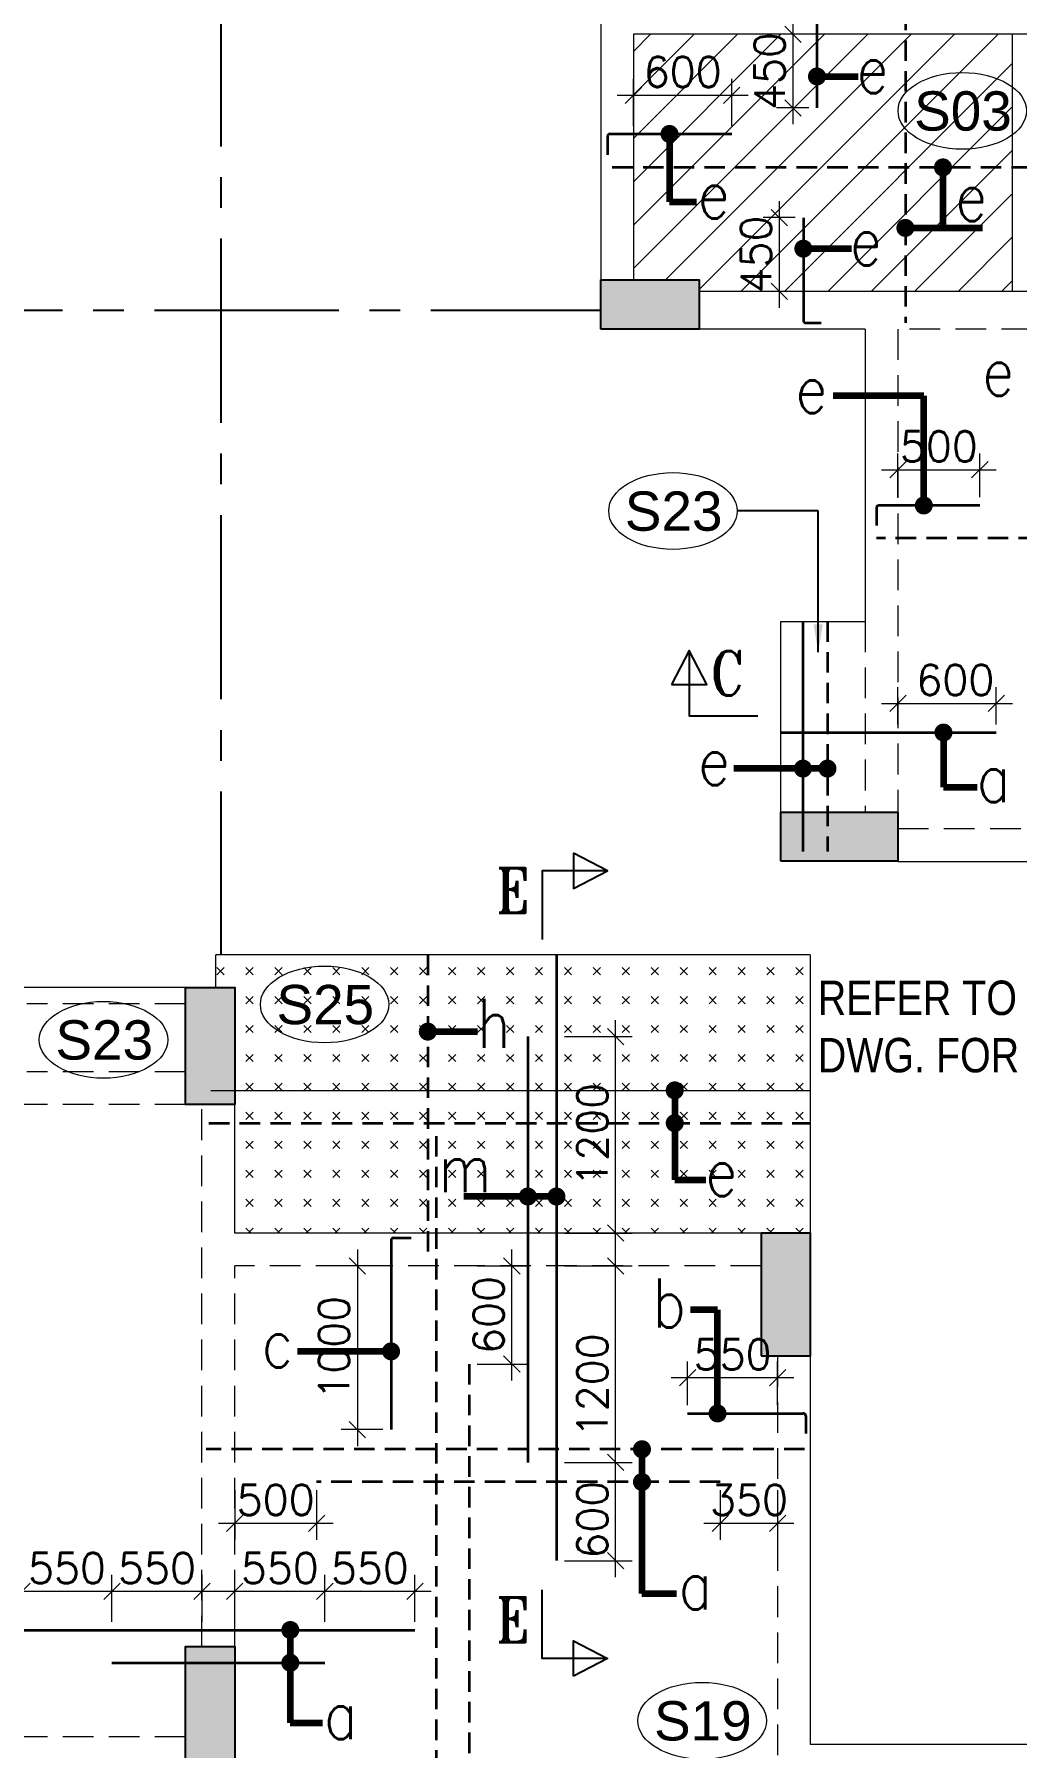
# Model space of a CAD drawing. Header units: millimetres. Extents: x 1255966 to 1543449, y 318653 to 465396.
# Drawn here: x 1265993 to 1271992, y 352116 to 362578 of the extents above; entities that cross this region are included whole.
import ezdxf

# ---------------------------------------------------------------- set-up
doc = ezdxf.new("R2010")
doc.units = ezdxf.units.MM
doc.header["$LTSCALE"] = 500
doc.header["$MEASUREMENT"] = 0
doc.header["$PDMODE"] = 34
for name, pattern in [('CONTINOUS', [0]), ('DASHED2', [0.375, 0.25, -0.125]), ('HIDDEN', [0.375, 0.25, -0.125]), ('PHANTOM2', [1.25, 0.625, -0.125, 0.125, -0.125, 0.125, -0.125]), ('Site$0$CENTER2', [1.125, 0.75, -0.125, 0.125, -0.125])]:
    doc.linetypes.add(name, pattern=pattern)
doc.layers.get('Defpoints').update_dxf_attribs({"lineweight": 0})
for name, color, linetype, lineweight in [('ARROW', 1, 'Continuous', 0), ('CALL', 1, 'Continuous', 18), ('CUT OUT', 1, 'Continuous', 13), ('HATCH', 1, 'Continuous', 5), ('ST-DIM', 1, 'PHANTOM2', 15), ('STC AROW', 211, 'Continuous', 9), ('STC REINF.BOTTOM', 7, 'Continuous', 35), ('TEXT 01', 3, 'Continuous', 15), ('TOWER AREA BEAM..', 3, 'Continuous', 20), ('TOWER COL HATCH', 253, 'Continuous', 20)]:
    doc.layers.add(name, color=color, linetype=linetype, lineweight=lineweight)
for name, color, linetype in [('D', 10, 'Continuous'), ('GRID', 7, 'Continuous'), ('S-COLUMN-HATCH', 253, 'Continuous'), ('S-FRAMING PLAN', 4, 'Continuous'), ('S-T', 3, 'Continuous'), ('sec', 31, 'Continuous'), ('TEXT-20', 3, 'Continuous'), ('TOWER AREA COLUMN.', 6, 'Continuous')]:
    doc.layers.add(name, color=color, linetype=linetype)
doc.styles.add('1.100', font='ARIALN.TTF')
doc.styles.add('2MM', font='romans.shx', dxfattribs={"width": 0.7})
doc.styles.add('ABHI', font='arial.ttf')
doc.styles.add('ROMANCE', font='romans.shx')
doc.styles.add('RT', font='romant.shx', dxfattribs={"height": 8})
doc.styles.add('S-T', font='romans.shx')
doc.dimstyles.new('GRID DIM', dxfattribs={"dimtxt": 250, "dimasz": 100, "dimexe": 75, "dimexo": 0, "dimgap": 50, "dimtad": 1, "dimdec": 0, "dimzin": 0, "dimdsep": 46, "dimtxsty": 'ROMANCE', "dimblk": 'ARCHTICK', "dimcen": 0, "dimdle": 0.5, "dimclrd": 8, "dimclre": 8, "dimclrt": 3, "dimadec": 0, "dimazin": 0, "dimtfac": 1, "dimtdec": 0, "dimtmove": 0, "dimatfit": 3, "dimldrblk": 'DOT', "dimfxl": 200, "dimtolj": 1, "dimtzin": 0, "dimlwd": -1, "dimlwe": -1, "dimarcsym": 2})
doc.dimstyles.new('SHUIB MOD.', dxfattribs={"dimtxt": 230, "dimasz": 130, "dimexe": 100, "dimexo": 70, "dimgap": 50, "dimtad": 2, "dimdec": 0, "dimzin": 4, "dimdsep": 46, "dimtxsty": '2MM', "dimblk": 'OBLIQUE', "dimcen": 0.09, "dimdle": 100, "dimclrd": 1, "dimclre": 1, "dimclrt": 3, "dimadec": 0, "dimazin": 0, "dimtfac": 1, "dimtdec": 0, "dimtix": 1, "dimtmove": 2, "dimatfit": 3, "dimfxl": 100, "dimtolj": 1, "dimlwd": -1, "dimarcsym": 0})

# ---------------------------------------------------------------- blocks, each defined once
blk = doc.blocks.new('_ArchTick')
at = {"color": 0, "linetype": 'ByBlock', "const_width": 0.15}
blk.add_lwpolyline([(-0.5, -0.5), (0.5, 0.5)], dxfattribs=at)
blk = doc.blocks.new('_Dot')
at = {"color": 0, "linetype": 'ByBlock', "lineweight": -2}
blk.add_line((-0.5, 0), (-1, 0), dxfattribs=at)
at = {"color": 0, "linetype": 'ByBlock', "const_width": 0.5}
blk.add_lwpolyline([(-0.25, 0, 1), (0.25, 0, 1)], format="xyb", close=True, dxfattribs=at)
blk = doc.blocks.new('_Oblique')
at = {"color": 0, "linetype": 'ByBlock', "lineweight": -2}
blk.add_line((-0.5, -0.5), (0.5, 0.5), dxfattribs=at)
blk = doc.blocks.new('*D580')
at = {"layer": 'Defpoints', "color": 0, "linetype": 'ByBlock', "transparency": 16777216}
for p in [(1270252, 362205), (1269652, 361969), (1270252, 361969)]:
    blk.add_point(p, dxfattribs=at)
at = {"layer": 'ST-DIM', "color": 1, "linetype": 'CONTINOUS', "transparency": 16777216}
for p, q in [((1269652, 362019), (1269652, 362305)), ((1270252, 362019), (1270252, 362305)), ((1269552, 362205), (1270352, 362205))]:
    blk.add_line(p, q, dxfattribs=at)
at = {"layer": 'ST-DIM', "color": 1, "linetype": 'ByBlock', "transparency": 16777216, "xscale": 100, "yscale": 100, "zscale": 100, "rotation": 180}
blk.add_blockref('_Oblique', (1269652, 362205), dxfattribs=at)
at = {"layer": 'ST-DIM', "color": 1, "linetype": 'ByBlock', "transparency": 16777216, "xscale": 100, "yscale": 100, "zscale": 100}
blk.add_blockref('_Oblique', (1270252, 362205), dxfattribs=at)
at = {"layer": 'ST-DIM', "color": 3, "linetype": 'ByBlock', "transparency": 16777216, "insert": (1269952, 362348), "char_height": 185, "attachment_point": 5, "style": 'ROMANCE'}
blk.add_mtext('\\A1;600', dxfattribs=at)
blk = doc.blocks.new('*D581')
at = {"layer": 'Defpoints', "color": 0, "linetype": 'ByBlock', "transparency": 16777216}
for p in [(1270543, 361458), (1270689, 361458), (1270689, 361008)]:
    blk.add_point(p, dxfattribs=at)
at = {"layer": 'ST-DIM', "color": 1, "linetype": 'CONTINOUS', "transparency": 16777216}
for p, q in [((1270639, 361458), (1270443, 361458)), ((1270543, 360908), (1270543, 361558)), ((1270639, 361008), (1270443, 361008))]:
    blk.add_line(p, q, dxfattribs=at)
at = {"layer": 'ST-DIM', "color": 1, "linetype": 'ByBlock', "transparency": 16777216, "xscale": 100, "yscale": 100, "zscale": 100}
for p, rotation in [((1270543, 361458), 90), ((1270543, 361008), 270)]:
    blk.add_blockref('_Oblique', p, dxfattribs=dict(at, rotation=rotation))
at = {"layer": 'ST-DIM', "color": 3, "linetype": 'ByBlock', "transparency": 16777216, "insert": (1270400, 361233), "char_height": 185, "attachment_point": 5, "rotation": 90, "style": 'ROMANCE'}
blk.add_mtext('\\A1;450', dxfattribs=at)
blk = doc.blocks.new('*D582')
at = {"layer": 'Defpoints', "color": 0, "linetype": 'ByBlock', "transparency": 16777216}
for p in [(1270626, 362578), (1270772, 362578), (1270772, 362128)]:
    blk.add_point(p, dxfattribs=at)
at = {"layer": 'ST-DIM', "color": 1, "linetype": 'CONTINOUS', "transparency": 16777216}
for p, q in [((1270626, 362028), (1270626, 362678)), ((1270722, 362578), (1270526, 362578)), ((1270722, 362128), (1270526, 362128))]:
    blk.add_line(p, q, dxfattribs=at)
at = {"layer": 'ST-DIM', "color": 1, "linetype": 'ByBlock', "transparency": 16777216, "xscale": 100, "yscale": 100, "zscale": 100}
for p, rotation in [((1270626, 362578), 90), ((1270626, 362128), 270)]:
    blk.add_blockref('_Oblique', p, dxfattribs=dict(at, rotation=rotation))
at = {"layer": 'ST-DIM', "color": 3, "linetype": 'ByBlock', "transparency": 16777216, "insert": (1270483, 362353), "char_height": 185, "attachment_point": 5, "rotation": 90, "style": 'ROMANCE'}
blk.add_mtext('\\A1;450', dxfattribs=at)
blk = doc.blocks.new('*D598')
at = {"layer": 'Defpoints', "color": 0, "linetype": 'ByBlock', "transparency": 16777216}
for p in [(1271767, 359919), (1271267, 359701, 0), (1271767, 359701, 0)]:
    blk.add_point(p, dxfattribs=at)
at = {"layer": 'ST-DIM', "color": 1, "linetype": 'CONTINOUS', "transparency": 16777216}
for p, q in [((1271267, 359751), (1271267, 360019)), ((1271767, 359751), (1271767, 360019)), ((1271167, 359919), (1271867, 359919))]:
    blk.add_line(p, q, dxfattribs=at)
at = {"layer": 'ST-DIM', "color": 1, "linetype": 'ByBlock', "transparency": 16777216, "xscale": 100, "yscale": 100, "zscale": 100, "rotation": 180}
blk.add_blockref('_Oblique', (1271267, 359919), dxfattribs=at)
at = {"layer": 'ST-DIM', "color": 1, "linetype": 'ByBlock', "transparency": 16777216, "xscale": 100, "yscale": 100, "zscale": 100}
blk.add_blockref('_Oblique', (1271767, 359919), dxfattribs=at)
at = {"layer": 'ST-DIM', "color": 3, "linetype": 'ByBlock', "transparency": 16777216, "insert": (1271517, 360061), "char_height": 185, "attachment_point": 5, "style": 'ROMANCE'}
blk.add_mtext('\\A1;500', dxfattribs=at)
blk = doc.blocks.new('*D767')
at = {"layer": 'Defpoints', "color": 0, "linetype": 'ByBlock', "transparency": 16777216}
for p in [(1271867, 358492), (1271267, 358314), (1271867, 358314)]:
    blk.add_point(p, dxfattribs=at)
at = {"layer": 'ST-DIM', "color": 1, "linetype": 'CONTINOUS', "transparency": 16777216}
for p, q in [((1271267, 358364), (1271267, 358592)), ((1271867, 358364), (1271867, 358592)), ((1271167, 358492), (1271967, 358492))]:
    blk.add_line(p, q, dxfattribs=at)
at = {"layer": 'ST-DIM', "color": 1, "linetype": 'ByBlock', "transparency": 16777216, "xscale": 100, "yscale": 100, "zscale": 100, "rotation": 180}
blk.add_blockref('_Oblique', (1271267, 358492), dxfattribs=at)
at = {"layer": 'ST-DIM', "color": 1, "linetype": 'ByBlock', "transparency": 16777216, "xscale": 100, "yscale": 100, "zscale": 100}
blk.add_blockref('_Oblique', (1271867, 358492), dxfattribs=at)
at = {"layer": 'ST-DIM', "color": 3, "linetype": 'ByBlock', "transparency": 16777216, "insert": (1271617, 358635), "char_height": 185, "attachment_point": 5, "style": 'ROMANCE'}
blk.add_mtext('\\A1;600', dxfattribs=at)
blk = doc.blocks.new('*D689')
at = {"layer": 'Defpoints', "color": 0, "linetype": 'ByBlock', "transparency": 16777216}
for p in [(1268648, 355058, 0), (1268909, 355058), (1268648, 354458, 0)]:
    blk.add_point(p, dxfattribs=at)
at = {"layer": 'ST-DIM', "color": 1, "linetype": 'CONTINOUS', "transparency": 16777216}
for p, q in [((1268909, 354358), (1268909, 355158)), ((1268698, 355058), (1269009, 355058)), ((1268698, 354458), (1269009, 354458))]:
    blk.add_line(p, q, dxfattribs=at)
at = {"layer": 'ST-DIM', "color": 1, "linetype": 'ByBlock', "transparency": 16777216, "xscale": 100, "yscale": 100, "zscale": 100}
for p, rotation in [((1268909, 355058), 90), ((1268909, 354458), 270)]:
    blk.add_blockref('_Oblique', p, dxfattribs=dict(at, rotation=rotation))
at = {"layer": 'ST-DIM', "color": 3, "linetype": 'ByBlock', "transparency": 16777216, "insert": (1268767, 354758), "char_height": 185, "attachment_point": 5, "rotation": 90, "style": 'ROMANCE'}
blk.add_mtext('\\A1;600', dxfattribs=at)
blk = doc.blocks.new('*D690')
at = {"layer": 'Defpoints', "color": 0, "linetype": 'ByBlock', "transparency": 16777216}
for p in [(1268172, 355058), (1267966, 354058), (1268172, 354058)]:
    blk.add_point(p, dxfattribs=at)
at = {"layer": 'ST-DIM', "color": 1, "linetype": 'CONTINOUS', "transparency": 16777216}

* _What you need to do_: Search the material for the word "pattern" and copy each line where it occurs.

* _Output for this task_:
for name, pattern in [('CONTINOUS', [0]), ('DASHED2', [0.375, 0.25, -0.125]), ('HIDDEN', [0.375, 0.25, -0.125]), ('PHANTOM2', [1.25, 0.625, -0.125, 0.125, -0.125, 0.125, -0.125]), ('Site$0$CENTER2', [1.125, 0.75, -0.125, 0.125, -0.125])]:
    doc.linetypes.add(name, pattern=pattern)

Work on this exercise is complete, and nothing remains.